→ ABOUT THIS EXERCISE
Within the entries below, the lines from the one with "#133=CARTESIAN_POINT('',(1.35677313259562,2.35,7.5));" through the one with "#141=CARTESIAN_POINT('',(-1.35677313259562,2.35,7.5));" are to be set down exactly, both ends kept.

*** Begin section ***

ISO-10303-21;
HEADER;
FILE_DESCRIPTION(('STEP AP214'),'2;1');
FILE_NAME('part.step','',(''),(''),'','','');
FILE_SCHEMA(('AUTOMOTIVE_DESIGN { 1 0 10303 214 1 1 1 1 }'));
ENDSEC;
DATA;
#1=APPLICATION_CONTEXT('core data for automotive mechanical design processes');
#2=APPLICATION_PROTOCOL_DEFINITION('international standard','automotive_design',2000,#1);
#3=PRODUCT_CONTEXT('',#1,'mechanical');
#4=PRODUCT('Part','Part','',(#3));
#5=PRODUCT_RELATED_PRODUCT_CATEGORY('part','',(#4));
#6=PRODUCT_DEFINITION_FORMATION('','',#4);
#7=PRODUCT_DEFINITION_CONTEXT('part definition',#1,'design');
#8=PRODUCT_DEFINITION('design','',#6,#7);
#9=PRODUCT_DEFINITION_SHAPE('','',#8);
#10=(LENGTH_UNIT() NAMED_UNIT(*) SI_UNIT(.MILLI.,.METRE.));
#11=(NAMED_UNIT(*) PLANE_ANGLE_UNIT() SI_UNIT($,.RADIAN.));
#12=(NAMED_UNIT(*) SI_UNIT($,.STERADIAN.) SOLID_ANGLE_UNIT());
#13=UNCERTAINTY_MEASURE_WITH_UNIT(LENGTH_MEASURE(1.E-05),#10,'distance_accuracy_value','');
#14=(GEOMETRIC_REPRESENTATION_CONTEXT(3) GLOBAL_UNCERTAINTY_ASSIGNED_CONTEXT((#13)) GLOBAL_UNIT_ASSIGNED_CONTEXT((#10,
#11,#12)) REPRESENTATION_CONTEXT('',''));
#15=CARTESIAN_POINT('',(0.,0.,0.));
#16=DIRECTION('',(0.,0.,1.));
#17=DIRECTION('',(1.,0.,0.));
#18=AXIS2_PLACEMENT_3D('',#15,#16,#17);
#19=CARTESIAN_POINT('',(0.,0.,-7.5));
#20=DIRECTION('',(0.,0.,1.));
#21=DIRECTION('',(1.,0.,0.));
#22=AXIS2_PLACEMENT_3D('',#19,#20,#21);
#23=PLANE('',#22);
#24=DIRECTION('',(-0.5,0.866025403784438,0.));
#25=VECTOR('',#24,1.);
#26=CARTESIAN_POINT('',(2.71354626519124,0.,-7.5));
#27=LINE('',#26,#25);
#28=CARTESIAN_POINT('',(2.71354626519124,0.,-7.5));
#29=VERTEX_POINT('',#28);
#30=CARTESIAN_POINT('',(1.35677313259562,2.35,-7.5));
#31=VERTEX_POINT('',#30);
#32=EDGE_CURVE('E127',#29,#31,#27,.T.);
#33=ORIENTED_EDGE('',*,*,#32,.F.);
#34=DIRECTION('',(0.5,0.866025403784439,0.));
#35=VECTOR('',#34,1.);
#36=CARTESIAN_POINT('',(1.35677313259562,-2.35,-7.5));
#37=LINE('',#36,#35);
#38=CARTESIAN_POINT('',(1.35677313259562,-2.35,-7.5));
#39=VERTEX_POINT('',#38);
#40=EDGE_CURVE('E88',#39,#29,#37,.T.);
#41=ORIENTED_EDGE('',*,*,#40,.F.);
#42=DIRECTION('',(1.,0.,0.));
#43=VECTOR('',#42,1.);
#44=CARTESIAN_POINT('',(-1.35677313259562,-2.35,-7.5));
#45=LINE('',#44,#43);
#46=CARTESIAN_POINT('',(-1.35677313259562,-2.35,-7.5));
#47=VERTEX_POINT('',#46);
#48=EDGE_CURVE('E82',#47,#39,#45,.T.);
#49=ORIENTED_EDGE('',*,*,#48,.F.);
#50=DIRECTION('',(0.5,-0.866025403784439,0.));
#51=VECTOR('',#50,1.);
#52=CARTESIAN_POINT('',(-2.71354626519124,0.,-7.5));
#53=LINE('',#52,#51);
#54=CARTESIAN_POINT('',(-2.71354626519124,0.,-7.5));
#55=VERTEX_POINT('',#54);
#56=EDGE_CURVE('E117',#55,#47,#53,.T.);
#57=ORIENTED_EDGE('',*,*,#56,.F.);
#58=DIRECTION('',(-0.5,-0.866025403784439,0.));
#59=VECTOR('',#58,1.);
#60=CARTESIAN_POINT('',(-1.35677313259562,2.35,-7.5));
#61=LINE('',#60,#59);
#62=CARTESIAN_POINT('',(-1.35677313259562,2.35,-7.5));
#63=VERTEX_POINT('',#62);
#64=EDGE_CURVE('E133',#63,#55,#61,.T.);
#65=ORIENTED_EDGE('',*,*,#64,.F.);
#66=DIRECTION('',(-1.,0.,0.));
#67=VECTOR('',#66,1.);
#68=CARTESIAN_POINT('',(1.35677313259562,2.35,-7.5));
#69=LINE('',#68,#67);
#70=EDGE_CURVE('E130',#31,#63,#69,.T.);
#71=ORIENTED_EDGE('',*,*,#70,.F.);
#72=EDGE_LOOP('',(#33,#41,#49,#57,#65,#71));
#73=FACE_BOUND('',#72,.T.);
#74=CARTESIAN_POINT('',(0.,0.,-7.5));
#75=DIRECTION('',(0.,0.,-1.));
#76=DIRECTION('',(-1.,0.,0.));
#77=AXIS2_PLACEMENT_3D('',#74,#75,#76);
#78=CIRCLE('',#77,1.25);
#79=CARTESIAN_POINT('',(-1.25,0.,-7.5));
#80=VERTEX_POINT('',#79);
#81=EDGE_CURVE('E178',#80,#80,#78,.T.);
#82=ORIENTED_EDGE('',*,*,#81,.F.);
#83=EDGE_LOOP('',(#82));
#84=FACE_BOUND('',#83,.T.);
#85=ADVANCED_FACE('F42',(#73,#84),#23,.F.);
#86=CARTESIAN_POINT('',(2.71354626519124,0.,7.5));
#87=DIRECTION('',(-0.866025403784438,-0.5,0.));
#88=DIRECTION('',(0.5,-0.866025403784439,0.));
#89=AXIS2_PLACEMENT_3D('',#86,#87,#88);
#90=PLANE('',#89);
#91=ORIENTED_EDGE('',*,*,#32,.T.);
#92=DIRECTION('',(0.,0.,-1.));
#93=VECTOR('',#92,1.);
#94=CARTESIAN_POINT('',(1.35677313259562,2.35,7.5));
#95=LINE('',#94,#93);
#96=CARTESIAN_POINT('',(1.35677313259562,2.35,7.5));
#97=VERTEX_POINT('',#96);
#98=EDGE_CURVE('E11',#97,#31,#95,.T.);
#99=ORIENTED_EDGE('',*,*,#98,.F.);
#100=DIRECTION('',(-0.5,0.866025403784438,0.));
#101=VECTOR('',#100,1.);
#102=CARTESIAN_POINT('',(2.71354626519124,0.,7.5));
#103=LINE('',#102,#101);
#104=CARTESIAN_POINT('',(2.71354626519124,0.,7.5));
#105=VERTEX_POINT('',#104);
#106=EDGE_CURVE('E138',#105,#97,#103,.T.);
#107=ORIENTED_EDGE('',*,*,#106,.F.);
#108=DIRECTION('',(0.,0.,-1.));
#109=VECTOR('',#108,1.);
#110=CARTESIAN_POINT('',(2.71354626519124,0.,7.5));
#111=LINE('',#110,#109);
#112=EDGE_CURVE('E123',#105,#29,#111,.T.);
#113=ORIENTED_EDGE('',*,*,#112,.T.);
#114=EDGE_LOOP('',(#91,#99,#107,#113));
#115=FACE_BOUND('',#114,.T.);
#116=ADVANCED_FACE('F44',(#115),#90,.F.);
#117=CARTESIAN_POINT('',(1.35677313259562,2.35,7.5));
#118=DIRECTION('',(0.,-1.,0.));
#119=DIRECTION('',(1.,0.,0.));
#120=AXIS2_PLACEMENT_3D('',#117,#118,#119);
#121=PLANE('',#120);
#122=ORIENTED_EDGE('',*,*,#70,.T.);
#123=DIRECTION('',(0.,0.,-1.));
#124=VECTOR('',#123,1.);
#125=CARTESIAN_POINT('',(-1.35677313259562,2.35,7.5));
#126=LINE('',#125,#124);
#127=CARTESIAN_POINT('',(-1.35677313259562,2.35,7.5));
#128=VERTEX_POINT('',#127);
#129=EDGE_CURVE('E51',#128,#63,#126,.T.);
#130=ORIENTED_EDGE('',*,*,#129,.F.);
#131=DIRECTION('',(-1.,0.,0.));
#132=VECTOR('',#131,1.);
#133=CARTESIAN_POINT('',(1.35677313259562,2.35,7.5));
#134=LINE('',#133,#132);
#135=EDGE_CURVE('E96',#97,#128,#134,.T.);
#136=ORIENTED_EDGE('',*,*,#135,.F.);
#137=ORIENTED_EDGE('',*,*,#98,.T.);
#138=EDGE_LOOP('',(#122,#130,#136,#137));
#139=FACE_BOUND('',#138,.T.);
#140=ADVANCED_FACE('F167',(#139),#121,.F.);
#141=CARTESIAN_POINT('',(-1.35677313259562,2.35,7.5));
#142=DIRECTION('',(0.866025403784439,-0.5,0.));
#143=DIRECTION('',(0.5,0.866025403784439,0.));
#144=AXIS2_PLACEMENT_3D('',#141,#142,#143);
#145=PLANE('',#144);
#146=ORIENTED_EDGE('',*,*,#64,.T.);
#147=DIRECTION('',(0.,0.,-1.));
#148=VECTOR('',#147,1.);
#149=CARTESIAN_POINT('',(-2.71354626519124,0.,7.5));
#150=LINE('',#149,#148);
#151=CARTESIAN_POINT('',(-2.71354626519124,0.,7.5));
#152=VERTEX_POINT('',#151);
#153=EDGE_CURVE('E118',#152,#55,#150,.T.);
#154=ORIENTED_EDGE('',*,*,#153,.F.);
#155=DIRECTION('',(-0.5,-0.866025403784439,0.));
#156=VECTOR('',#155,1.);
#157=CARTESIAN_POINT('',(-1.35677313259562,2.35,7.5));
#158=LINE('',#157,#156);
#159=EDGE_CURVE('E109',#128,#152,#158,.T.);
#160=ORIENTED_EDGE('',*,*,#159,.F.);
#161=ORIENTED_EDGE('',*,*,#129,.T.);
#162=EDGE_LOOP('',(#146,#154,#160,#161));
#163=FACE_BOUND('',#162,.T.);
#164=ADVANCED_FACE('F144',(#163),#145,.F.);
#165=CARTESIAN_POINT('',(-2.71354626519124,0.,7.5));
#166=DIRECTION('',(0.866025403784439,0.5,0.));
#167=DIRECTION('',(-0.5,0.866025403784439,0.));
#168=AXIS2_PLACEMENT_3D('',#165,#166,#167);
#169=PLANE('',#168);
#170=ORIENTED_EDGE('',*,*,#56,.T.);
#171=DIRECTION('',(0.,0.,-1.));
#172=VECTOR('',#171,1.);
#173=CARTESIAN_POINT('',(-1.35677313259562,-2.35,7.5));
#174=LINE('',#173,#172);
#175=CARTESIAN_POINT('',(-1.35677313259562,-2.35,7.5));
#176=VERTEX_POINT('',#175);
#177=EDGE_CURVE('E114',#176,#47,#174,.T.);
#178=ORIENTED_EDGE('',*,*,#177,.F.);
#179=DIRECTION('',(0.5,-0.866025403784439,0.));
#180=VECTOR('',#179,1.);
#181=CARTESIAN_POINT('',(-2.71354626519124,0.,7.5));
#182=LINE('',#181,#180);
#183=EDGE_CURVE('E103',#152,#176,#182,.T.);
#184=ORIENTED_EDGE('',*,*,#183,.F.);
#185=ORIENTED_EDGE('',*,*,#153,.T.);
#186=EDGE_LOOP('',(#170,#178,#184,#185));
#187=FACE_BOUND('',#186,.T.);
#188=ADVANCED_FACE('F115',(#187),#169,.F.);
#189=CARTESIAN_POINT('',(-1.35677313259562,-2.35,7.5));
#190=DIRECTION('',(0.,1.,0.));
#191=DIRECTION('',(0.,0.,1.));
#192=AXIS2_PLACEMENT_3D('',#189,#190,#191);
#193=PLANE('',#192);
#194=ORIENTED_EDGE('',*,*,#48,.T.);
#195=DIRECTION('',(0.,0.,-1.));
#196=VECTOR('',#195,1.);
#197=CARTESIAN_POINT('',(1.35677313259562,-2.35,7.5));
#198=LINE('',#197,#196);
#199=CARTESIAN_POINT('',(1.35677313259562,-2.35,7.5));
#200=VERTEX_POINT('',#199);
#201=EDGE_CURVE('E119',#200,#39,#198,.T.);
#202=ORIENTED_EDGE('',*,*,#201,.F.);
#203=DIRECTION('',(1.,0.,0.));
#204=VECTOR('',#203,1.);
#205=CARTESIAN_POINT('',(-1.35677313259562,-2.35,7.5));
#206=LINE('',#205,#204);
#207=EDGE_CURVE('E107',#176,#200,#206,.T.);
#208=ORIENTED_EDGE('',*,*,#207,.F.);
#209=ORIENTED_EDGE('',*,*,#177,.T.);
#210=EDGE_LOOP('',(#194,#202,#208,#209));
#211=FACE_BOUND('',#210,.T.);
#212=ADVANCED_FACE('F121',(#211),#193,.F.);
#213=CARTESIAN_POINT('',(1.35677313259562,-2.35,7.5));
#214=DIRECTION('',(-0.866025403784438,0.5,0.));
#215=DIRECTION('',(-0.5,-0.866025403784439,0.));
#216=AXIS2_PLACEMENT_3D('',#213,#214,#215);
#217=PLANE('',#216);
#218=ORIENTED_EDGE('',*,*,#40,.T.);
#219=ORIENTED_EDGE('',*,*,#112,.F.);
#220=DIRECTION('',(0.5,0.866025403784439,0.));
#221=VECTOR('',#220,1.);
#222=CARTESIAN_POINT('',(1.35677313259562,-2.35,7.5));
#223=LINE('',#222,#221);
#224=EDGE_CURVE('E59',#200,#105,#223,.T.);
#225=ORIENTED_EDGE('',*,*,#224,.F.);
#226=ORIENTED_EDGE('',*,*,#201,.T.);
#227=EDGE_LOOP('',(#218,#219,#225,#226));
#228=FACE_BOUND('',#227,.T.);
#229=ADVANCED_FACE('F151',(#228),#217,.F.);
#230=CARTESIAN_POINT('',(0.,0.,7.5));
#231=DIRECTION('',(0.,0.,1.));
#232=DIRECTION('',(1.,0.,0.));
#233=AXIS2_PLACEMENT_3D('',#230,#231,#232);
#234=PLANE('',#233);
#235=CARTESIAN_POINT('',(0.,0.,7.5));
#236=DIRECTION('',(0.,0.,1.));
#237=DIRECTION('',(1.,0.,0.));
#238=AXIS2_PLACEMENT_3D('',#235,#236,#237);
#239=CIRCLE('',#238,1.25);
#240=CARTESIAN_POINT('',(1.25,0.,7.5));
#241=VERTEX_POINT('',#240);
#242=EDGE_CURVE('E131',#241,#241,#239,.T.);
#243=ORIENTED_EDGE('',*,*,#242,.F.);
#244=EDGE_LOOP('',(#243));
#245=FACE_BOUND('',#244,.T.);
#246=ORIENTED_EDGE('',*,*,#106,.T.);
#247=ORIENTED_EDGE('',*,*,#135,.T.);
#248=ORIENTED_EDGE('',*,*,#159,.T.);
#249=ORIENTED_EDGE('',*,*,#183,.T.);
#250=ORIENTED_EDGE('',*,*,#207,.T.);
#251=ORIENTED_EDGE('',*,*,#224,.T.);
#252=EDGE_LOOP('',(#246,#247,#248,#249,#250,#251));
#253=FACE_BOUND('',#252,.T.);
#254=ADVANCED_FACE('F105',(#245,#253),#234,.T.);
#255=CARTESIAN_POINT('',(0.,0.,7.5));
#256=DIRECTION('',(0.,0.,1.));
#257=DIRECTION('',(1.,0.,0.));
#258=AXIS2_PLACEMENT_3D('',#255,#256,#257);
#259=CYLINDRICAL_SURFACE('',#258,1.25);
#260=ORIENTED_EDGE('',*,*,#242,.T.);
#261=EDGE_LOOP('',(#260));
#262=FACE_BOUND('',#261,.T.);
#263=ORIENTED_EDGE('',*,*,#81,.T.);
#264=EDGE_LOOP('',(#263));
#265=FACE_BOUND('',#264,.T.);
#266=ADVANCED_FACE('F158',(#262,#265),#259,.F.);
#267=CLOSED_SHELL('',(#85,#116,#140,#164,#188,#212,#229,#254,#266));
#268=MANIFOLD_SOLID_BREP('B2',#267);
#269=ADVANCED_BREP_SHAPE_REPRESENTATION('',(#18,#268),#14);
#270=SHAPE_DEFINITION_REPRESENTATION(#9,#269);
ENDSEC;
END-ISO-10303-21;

*** End section ***

→ ANSWER TO THIS PROBLEM
#133=CARTESIAN_POINT('',(1.35677313259562,2.35,7.5));
#134=LINE('',#133,#132);
#135=EDGE_CURVE('E96',#97,#128,#134,.T.);
#136=ORIENTED_EDGE('',*,*,#135,.F.);
#137=ORIENTED_EDGE('',*,*,#98,.T.);
#138=EDGE_LOOP('',(#122,#130,#136,#137));
#139=FACE_BOUND('',#138,.T.);
#140=ADVANCED_FACE('F167',(#139),#121,.F.);
#141=CARTESIAN_POINT('',(-1.35677313259562,2.35,7.5));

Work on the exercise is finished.